From professional athletes dealing with aftereffects of concussions and injuries to grandparents recovering from surgery, anyone who watches the news today knows opioid addiction is not limited to celebrities and the homeless. It’s a national epidemic affecting every age and socioeconomic group.
In June of 2017, Governor Ducey declared a state of emergency in Arizona regarding the opioid addiction problem. In the article, the Governor states, “Most of us know someone impacted by substance abuse — our family, our friends, our neighbors. Our hearts ache for them, but that isn’t enough. We must do more.”
In 2016, 790 Arizonans died from opioid overdoses, according to data from the Arizona Department of Health Services. The trend shows an increase of 74 percent over the past four years, reminding all of us that the opioid crisis is still a real threat to our community.
From pain to addiction
Many people begin by using prescribed narcotics to manage pain. Eventually, they develop a dependency that can take over and destroy normal life functions.
Some patients are afraid to discuss their problems with a doctor because they worry the doctor will tell someone or they fear being cut off from the medication they depend on. But people should know, patients with addiction problems are still protected by doctor/patient privilege and many pain management doctors are experts in tapering medications to keep patients safe.
Some of the things you should ask when working with your pain management Doctor include:
- Am I taking any medications other than my opiate pain killer, that when combined with the opiate may increase my risk of an adverse reaction or death?
- You should not combine any drug in the benzodiazepine class with an opiate – it dramatically increased the chance of death. That class of drugs includes most antidepressants, anti-anxiety, and sleeping pills.
- Am I taking the best medication in the best form to minimize my opiate dosage?
- Is it possible that I do not respond to certain medications like most other people?
- Some people cannot properly metabolize the pain killers into the form of the drug that actually provides the pain relief. The only way to find out is to have a genetic screen performed that will help the doctor determine the right drug to prescribe.
- How can I safely wean down or completely off my opiate medications?
Signs to watch for
For many, addiction sneaks up slowly and remains unnoticed until it’s too late. Some addiction symptoms to watch for include drowsiness, lack of motivation, inability to concentrate, loss of friendships and healthy lifestyle habits and secrecy from trying to live a double life.
There can also be appearance changes such as pupils staying constricted even with dim lighting; itching of the arms, stomach or legs; drooping eyes; flushing of the face and neck; head nodding; intense calm; and slurred speech.
Many patients fear withdrawal symptoms such as vomiting and diarrhea, joint pain, flu-like feelings and severe insomnia. The thought of dealing with pain and withdrawal symptoms at the same time can be overwhelming for many patients and should only be done under the care of a medical professional.
Opioid addiction is a chronic medical condition that results from changes in the brain in susceptible people.
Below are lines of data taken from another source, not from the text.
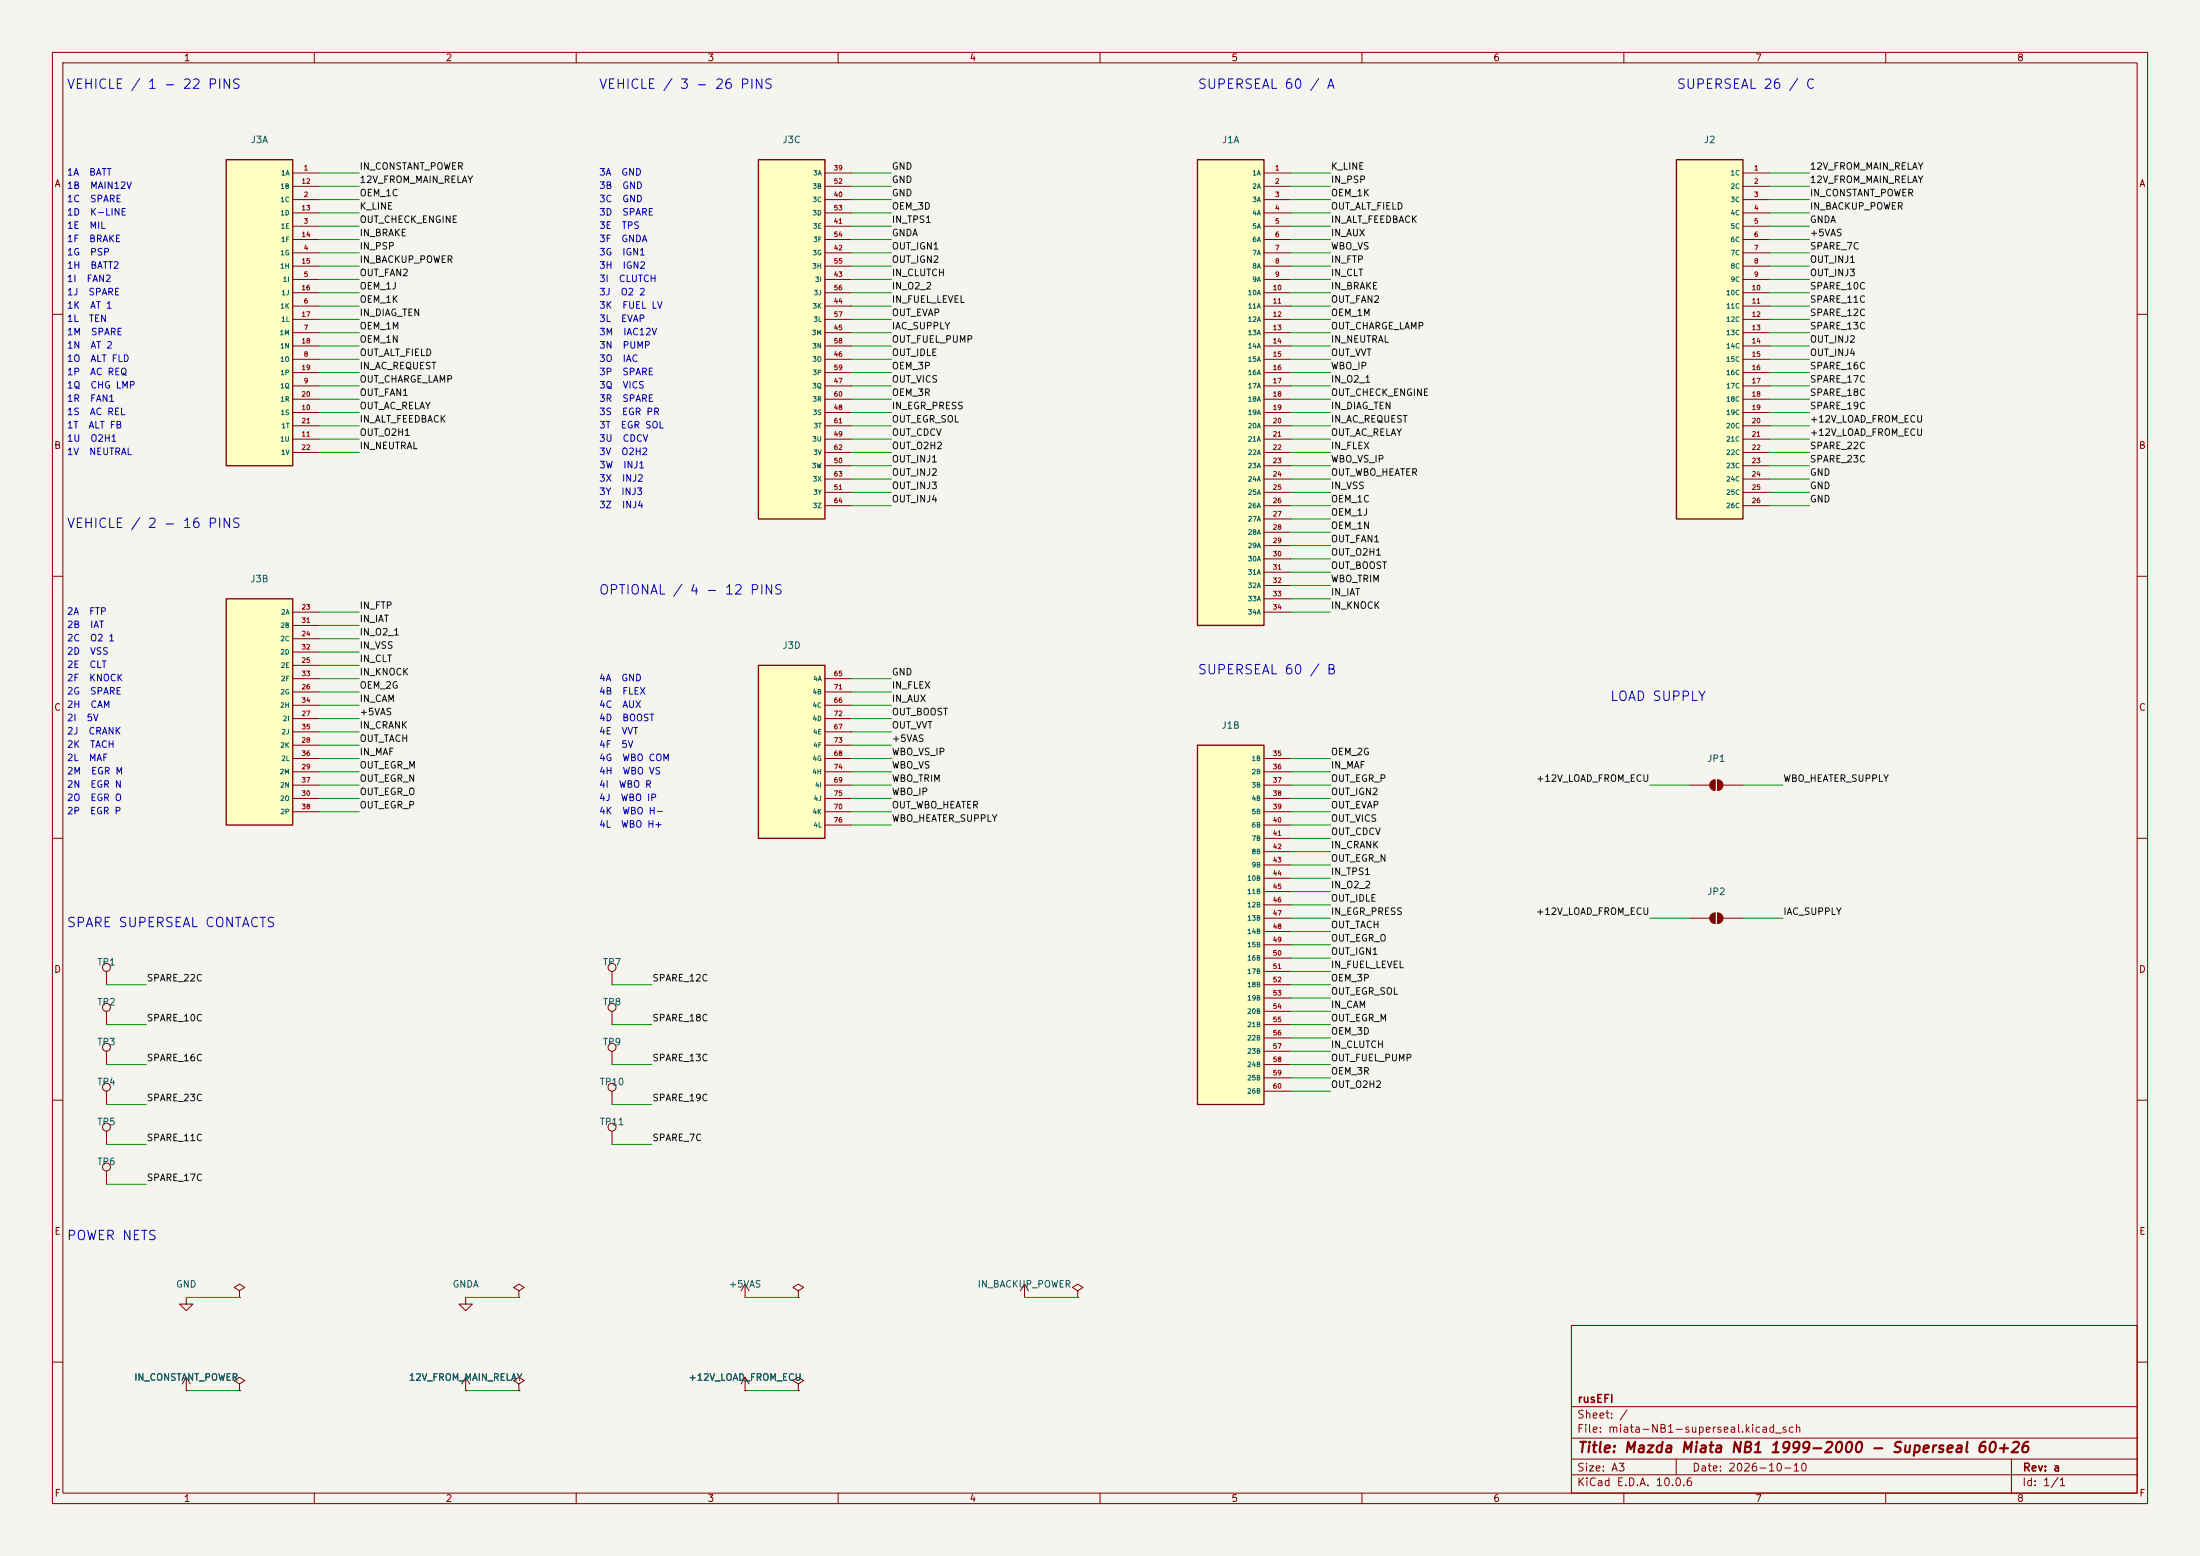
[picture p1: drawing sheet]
<svg xmlns="http://www.w3.org/2000/svg" width="420mm" height="297mm" viewBox="0 0 420 297" stroke-linecap="round" stroke-linejoin="round" font-family="sans-serif">
<path d="M0 0h420v297h-420z" fill="#f5f4ef" stroke="#f5f4ef" stroke-width=".19"/>
<g fill="none" stroke="#840000" stroke-width=".19">
<path d="M10 10h400v277h-400zM12 12h396v273h-396zM60 10v2M110 10v2M160 10v2M210 10v2M260 10v2M310 10v2M360 10v2M10 60h2M408 60h2M10 110h2"/>
<path d="M408 110h2M10 160h2M408 160h2M116.8 193v2.6M10 210h2M116.8 200.7v2.5M116.8 208.3v2.5M408 210h2M300 253h108v32h-108zM10 260h2M152.4 264.2l1-.7-1-.6-1 .6 1 .7v1.2M152.4 265.4h.1"/>
<path d="M300 278.5h108M300 274.5h108M300 268.5h108M320 278.5v3M384 278.5v6.5M408 260h2M60 285v2M110 285v2M160 285v2M210 285v2M260 285v2M300 281.5h108"/>
<path d="M310 285v2M360 285v2"/>
<circle cx="116.8" cy="199.9" r=".76"/>
<circle cx="116.8" cy="192.3" r=".76"/>
<circle cx="116.8" cy="207.5" r=".76"/>
</g>
<path d="M144.8 30.5h12.7v68.6h-12.7z" fill="#ffffc2"/>
<path d="M144.8 30.5h12.7v68.6h-12.7z" fill="none" stroke="#840000" stroke-width=".25"/>
<g fill="none" stroke="#840000" stroke-width=".19">
<path d="M157.5 33h5.1M157.5 38.1h5.1M157.5 35.6h5.1M157.5 43.2h5.1M157.5 48.3h5.1M157.5 53.3h5.1M157.5 58.4h5.1M157.5 40.6h5.1M157.5 45.7h5.1M157.5 50.8h5.1M157.5 55.9h5.1M157.5 63.5h5.1"/>
<path d="M157.5 68.6h5.1M157.5 73.7h5.1M157.5 78.7h5.1M157.5 61h5.1M157.5 66h5.1M157.5 71.1h5.1M157.5 76.2h5.1M157.5 83.8h5.1M157.5 88.9h5.1M157.5 94h5.1M157.5 81.3h5.1M157.5 86.4h5.1"/>
<path d="M157.5 91.4h5.1M157.5 96.5h5.1M88.9 247.6v1.3h1.3l-1.3 1.3-1.3-1.3h1.3M88.9 247.6h.1M99.1 246.4l1-.7-1-.6-1.1 .6 1.1 .7v1.2M99.1 247.6h.1"/>
</g>
<path d="M320 30.5h12.7v68.6h-12.7z" fill="#ffffc2"/>
<path d="M320 30.5h12.7v68.6h-12.7z" fill="none" stroke="#840000" stroke-width=".25"/>
<g fill="none" stroke="#840000" stroke-width=".19">
<path d="M332.7 33h5.1M332.7 35.6h5.1M332.7 38.1h5.1M332.7 40.6h5.1M332.7 43.2h5.1M332.7 45.7h5.1M332.7 48.3h5.1M332.7 50.8h5.1M332.7 53.3h5.1M332.7 55.9h5.1M332.7 58.4h5.1M332.7 61h5.1"/>
<path d="M332.7 63.5h5.1M332.7 66h5.1M332.7 68.6h5.1M332.7 71.1h5.1M332.7 73.7h5.1M332.7 76.2h5.1M332.7 78.7h5.1M332.7 81.3h5.1M332.7 83.8h5.1M332.7 86.4h5.1M332.7 88.9h5.1M332.7 91.4h5.1"/>
<path d="M332.7 94h5.1M332.7 96.5h5.1M322.6 175.3h3.8M327.4 174.2v2.1M327.9 174.2v2.1M328.9 175.3h3.8"/>
</g>
<g fill="#840000" stroke="#840000" stroke-width=".19">
<path d="M326.7 174.5l.7-.3v2.1a1.02 1.02 0 0 1-.9-.7 1.02 1.02 0 0 1 .2-1.1z"/>
<path d="M327.9 174.2a1.02 1.02 0 0 1 1 1.1 1.02 1.02 0 0 1-1 1z"/>
</g>
<path d="M228.6 142.2h12.7v68.6h-12.7z" fill="#ffffc2"/>
<path d="M228.6 142.2h12.7v68.6h-12.7z" fill="none" stroke="#840000" stroke-width=".25"/>
<g fill="none" stroke="#840000" stroke-width=".19">
<path d="M241.3 144.8h5.1M241.3 147.3h5.1M241.3 149.9h5.1M241.3 152.4h5.1M241.3 154.9h5.1M241.3 157.5h5.1M241.3 160h5.1M241.3 162.6h5.1M241.3 165.1h5.1M241.3 167.6h5.1M241.3 170.2h5.1M241.3 172.7h5.1"/>
<path d="M241.3 175.3h5.1M241.3 177.8h5.1M116.8 185.4v2.6M241.3 180.3h5.1M241.3 182.9h5.1M241.3 185.4h5.1M241.3 188h5.1M241.3 190.5h5.1M241.3 193h5.1M241.3 195.6h5.1M241.3 198.1h5.1M241.3 200.7h5.1"/>
<path d="M241.3 203.2h5.1M241.3 205.7h5.1M241.3 208.3h5.1M142.2 247.6h.1M142.2 245.1l-.7 1.3M142.2 245.1l.8 1.3M142.2 245.1v2.5"/>
<circle cx="116.8" cy="184.7" r=".76"/>
</g>
<path d="M43.2 114.3h12.7v43.2h-12.7z" fill="#ffffc2"/>
<path d="M43.2 114.3h12.7v43.2h-12.7z" fill="none" stroke="#840000" stroke-width=".25"/>
<g fill="none" stroke="#840000" stroke-width=".19">
<path d="M55.9 116.8h5.1M55.9 119.4h5.1M55.9 121.9h5.1M55.9 127h5.1M55.9 132.1h5.1M55.9 137.2h5.1M55.9 124.5h5.1M55.9 129.5h5.1M55.9 134.6h5.1M55.9 139.7h5.1M55.9 142.2h5.1M55.9 147.3h5.1"/>
<path d="M55.9 152.4h5.1M55.9 144.8h5.1M55.9 149.9h5.1M55.9 154.9h5.1"/>
</g>
<path d="M228.6 30.5h12.7v88.9h-12.7z" fill="#ffffc2"/>
<path d="M228.6 30.5h12.7v88.9h-12.7z" fill="none" stroke="#840000" stroke-width=".25"/>
<g fill="none" stroke="#840000" stroke-width=".19">
<path d="M241.3 33h5.1M241.3 35.6h5.1M241.3 38.1h5.1M241.3 40.6h5.1M241.3 43.2h5.1M241.3 45.7h5.1M241.3 48.3h5.1M241.3 50.8h5.1M241.3 53.3h5.1M241.3 55.9h5.1M241.3 58.4h5.1M241.3 61h5.1"/>
<path d="M241.3 63.5h5.1M241.3 66h5.1M241.3 68.6h5.1M241.3 71.1h5.1M241.3 73.7h5.1M241.3 76.2h5.1M241.3 78.7h5.1M241.3 81.3h5.1M241.3 83.8h5.1M241.3 86.4h5.1M241.3 88.9h5.1M241.3 91.4h5.1"/>
<path d="M241.3 94h5.1M241.3 96.5h5.1M241.3 99.1h5.1M241.3 101.6h5.1M241.3 104.1h5.1M241.3 106.7h5.1M241.3 109.2h5.1M241.3 111.8h5.1M241.3 114.3h5.1M241.3 116.8h5.1M20.3 185.4v2.6M20.3 223.5v2.6"/>
<path d="M35.6 247.6v1.3h1.2l-1.2 1.3-1.3-1.3h1.3M35.6 247.6h.1M45.7 246.4l1-.7-1-.6-1 .6 1 .7v1.2M45.7 247.6h.1M152.4 246.4l1-.7-1-.6-1 .6 1 .7v1.2M152.4 247.6h.1M195.6 247.6h.1M195.6 245.1l-.8 1.3M195.6 245.1l.7 1.3M195.6 245.1v2.5M205.7 246.4l1.1-.7-1.1-.6-1 .6 1 .7v1.2M205.7 247.6h.1"/>
<path d="M35.6 265.4h.1M35.6 262.9l-.8 1.3M35.6 262.9l.7 1.3M35.6 262.9v2.5M45.7 264.2l1-.7-1-.6-1 .6 1 .7v1.2M45.7 265.4h.1M88.9 265.4h.1M88.9 262.9l-.8 1.3M88.9 262.9l.8 1.3M88.9 262.9v2.5M99.1 264.2l1-.7-1-.6-1.1 .6 1.1 .7v1.2M99.1 265.4h.1"/>
<path d="M142.2 265.4h.1M142.2 262.9l-.7 1.3M142.2 262.9l.8 1.3M142.2 262.9v2.5"/>
<circle cx="20.3" cy="184.7" r=".76"/>
<circle cx="20.3" cy="222.8" r=".76"/>
</g>
<path d="M144.8 127h12.7v33h-12.7z" fill="#ffffc2"/>
<path d="M144.8 127h12.7v33h-12.7z" fill="none" stroke="#840000" stroke-width=".25"/>
<g fill="none" stroke="#840000" stroke-width=".19">
<path d="M157.5 129.5h5.1M157.5 134.6h5.1M157.5 139.7h5.1M157.5 132.1h5.1M157.5 137.2h5.1M157.5 144.8h5.1M157.5 149.9h5.1M157.5 154.9h5.1M157.5 142.2h5.1M157.5 147.3h5.1M157.5 152.4h5.1M157.5 157.5h5.1"/>
<path d="M322.6 149.9h3.8M327.4 148.8v2.1M327.9 148.8v2.1M328.9 149.9h3.8"/>
</g>
<g fill="#840000" stroke="#840000" stroke-width=".19">
<path d="M326.7 149.1l.7-.3v2.1a1.02 1.02 0 0 1-.9-.7 1.02 1.02 0 0 1 .2-1.1z"/>
<path d="M327.9 148.8a1.02 1.02 0 0 1 1 1.1 1.02 1.02 0 0 1-1 1z"/>
</g>
<path d="M43.2 30.5h12.7v58.4h-12.7z" fill="#ffffc2"/>
<path d="M43.2 30.5h12.7v58.4h-12.7z" fill="none" stroke="#840000" stroke-width=".25"/>
<g fill="none" stroke="#840000" stroke-width=".19">
<path d="M55.9 33h5.1M55.9 38.1h5.1M55.9 35.6h5.1M55.9 43.2h5.1M55.9 48.3h5.1M55.9 53.3h5.1M55.9 58.4h5.1M55.9 40.6h5.1M55.9 45.7h5.1M55.9 50.8h5.1M55.9 55.9h5.1M55.9 63.5h5.1"/>
<path d="M55.9 68.6h5.1M55.9 73.7h5.1M55.9 78.7h5.1M55.9 61h5.1M55.9 66h5.1M55.9 71.1h5.1M55.9 76.2h5.1M55.9 83.8h5.1M55.9 81.3h5.1M55.9 86.4h5.1M20.3 193v2.6M20.3 200.7v2.5"/>
<path d="M20.3 208.3v2.5M20.3 215.9v2.5M116.8 215.9v2.5M35.6 265.4h.1M45.7 265.4h.1M88.9 265.4h.1M99.1 265.4h.1M142.2 265.4h.1M152.4 265.4h.1"/>
<circle cx="20.3" cy="192.3" r=".76"/>
<circle cx="20.3" cy="199.9" r=".76"/>
<circle cx="20.3" cy="215.1" r=".76"/>
<circle cx="20.3" cy="207.5" r=".76"/>
<circle cx="116.8" cy="215.1" r=".76"/>
</g>
<g fill="none" stroke="#009600" stroke-width=".19">
<path d="M61 38.1h7.6M61 33h7.6M61 35.6h7.6M162.6 38.1h7.6M162.6 33h7.6M162.6 35.6h7.6M246.4 38.1h7.6M246.4 33h7.6M246.4 35.6h7.6M337.8 38.1h7.6M337.8 33h7.6M337.8 35.6h7.6"/>
<path d="M61 53.3h7.6M61 55.9h7.6M61 58.4h7.6M61 40.6h7.6M61 43.2h7.6M61 45.7h7.6M61 48.3h7.6M61 50.8h7.6M162.6 53.3h7.6M162.6 55.9h7.6M162.6 58.4h7.6M162.6 40.6h7.6"/>
<path d="M162.6 43.2h7.6M162.6 45.7h7.6M162.6 48.3h7.6M162.6 50.8h7.6M246.4 53.3h7.6M246.4 55.9h7.6M246.4 58.4h7.6M246.4 40.6h7.6M246.4 43.2h7.6M246.4 45.7h7.6M246.4 48.3h7.6M246.4 50.8h7.6"/>
<path d="M337.8 53.3h7.6M337.8 55.9h7.6M337.8 58.4h7.6M337.8 40.6h7.6M337.8 43.2h7.6M337.8 45.7h7.6M337.8 48.3h7.6M337.8 50.8h7.6M61 61h7.6M61 63.5h7.6M61 66h7.6M61 68.6h7.6"/>
<path d="M61 71.1h7.6M61 73.7h7.6M61 76.2h7.6M61 78.7h7.6M162.6 61h7.6M162.6 63.5h7.6M162.6 66h7.6M162.6 68.6h7.6M162.6 71.1h7.6M162.6 73.7h7.6M162.6 76.2h7.6M162.6 78.7h7.6"/>
<path d="M246.4 61h7.6M246.4 63.5h7.6M246.4 66h7.6M246.4 68.6h7.6M246.4 71.1h7.6M246.4 73.7h7.6M246.4 76.2h7.6M246.4 78.7h7.6M337.8 61h7.6M337.8 63.5h7.6M337.8 66h7.6M337.8 68.6h7.6"/>
<path d="M337.8 71.1h7.6M337.8 73.7h7.6M337.8 76.2h7.6M337.8 78.7h7.6M61 81.3h7.6M61 83.8h7.6M61 86.4h7.6M162.6 81.3h7.6M162.6 83.8h7.6M162.6 86.4h7.6M162.6 96.5h7.6M162.6 94h7.6"/>
<path d="M162.6 91.4h7.6M162.6 88.9h7.6M246.4 81.3h7.6M246.4 83.8h7.6M246.4 86.4h7.6M246.4 99.1h7.6M246.4 96.5h7.6M246.4 94h7.6M246.4 91.4h7.6M246.4 88.9h7.6M337.8 81.3h7.6M337.8 83.8h7.6"/>
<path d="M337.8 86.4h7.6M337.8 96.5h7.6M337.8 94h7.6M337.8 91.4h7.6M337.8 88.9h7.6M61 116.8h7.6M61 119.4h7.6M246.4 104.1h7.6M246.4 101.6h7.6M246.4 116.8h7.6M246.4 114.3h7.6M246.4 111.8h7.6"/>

Once narcotic addiction develops, escaping the cycle of detox and relapse is typically a long-term process. Certain medications, counseling, and support from friends and family can greatly improve the chances of success.
A popular misconception is that by taking drugs used to treat narcotic addiction like methadone, buprenorphine or naloxone, addicts simply replace one addiction with another, reports the National Institute on Drug Abuse. That is inaccurate. Brain imbalances that occur with addiction alter reward, decision-making, impulse control, learning and other functions. The medications restore balance to these brain circuits, preventing withdrawal symptoms and restoring the patient to a normal condition that allows effective psychosocial treatment and social functioning.
Support system necessary
In addition to medication and counseling, recovery works best for people who have a support system like narcotics anonymous, family help and a medical team that is truly invested in helping patients get (and stay) healthy.
If you think you might have a dependence on pain medication or spot some of these signs in a loved one, a good first step is to talk with your doctor or a medical professional with expertise in pain medication addiction about getting help. Unfortunately, trying to overcome addiction on your own can be dangerous and unsuccessful. By working with a credible pain management doctor from the beginning, you can avoid the risk of addiction altogether.